Problem to work on :: Only these lines of the data below are wanted: the one with "plane through (0, 0, 0)", the one with "arc A8 (-1.25, 2.8349)", and any lines between them, each repeated exactly.

Top of Task data

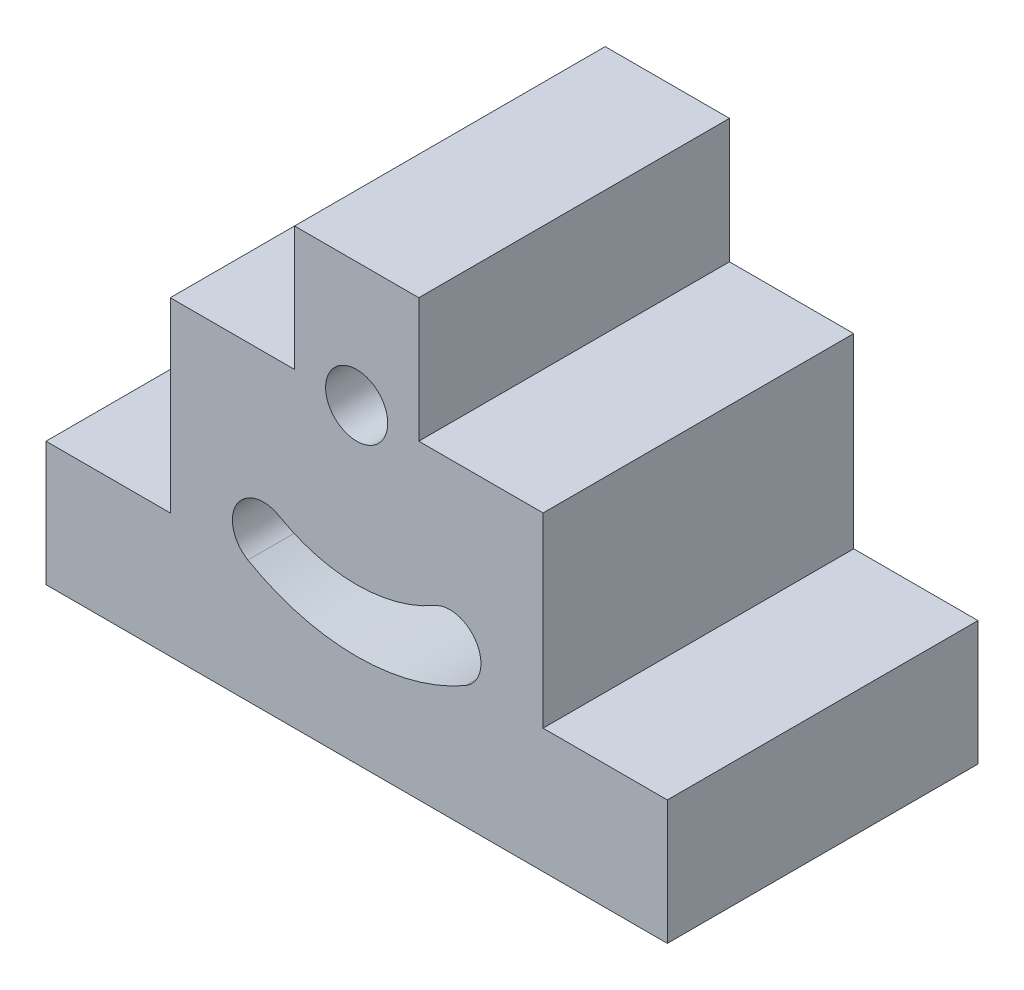
SolidWorks part; units mm, degrees
ref_plane "Front Plane" through (0, 0, 0) normal (0, 0, 1) x (1, 0, 0)
ref_plane "Top Plane" through (0, 0, 0) normal (0, 1, 0) x (1, 0, 0)
ref_plane "Right Plane" through (0, 0, 0) normal (1, 0, 0) x (0, 0, -1)
sketch "Sketch2" plane through (0, 0, 0) normal (0, 0, 1) x (1, 0, 0)
  line L0 (0, 0) -> (0, -5685.7968) construction
  line L1 (0, 0) -> (-5685.7968, 0) construction
  line L2 (-5, 0) -> (5, 0)
  line L3 (5, 0) -> (5, 2)
  line L4 (5, 2) -> (3, 2)
  line L5 (3, 2) -> (3, 5)
  line L6 (3, 5) -> (1, 5)
  line L7 (1, 5) -> (1, 7)
  line L8 (1, 7) -> (-1, 7)
  line L9 (-5, 0) -> (-5, 2)
  line L10 (-1, 5) -> (-1, 7)
  line L11 (-3, 5) -> (-1, 5)
  line L12 (-3, 2) -> (-3, 5)
  line L13 (-5, 2) -> (-3, 2)
  arc A0 (1.5, 2.4019) -> (-1.5, 2.4019) centre (0, 5) cw construction
  circle A5 centre (0, 5) radius 0.5
  arc A6 (-1.75, 1.9689) -> (1.75, 1.9689) centre (0, 5) ccw
  arc A7 (-1.25, 2.8349) -> (1.25, 2.8349) centre (0, 5) ccw
  arc A8 (-1.25, 2.8349) -> (-1.75, 1.9689) centre (-1.5, 2.4019) ccw
  arc A9 (1.75, 1.9689) -> (1.25, 2.8349) centre (1.5, 2.4019) ccw
  point P8 (0, 0)
  point P19 (0, 7)
  point P22 (0, 2)
  point P29 (0, 0)
  point P30 (0, 0)
  point P31 (0, 0)
  dimension "D7" = 1
  dimension "D8" = 3
  dimension "D10" = 0.5
  dimension "D11" = 3
  dimension "D1" = 10
  dimension "D2" = 2
  dimension "D3" = 3
  dimension "D4" = 2
  dimension "D5" = 2
  dimension "D6" = 2
  dimension "D9" = 3
extrude "Boss-Extrude1" add sketch "Sketch2" along normal mid plane 5

Bottom of Task data

Your response ::
sketch "Sketch2" plane through (0, 0, 0) normal (0, 0, 1) x (1, 0, 0)
  line L0 (0, 0) -> (0, -5685.7968) construction
  line L1 (0, 0) -> (-5685.7968, 0) construction
  line L2 (-5, 0) -> (5, 0)
  line L3 (5, 0) -> (5, 2)
  line L4 (5, 2) -> (3, 2)
  line L5 (3, 2) -> (3, 5)
  line L6 (3, 5) -> (1, 5)
  line L7 (1, 5) -> (1, 7)
  line L8 (1, 7) -> (-1, 7)
  line L9 (-5, 0) -> (-5, 2)
  line L10 (-1, 5) -> (-1, 7)
  line L11 (-3, 5) -> (-1, 5)
  line L12 (-3, 2) -> (-3, 5)
  line L13 (-5, 2) -> (-3, 2)
  arc A0 (1.5, 2.4019) -> (-1.5, 2.4019) centre (0, 5) cw construction
  circle A5 centre (0, 5) radius 0.5
  arc A6 (-1.75, 1.9689) -> (1.75, 1.9689) centre (0, 5) ccw
  arc A7 (-1.25, 2.8349) -> (1.25, 2.8349) centre (0, 5) ccw
  arc A8 (-1.25, 2.8349) -> (-1.75, 1.9689) centre (-1.5, 2.4019) ccw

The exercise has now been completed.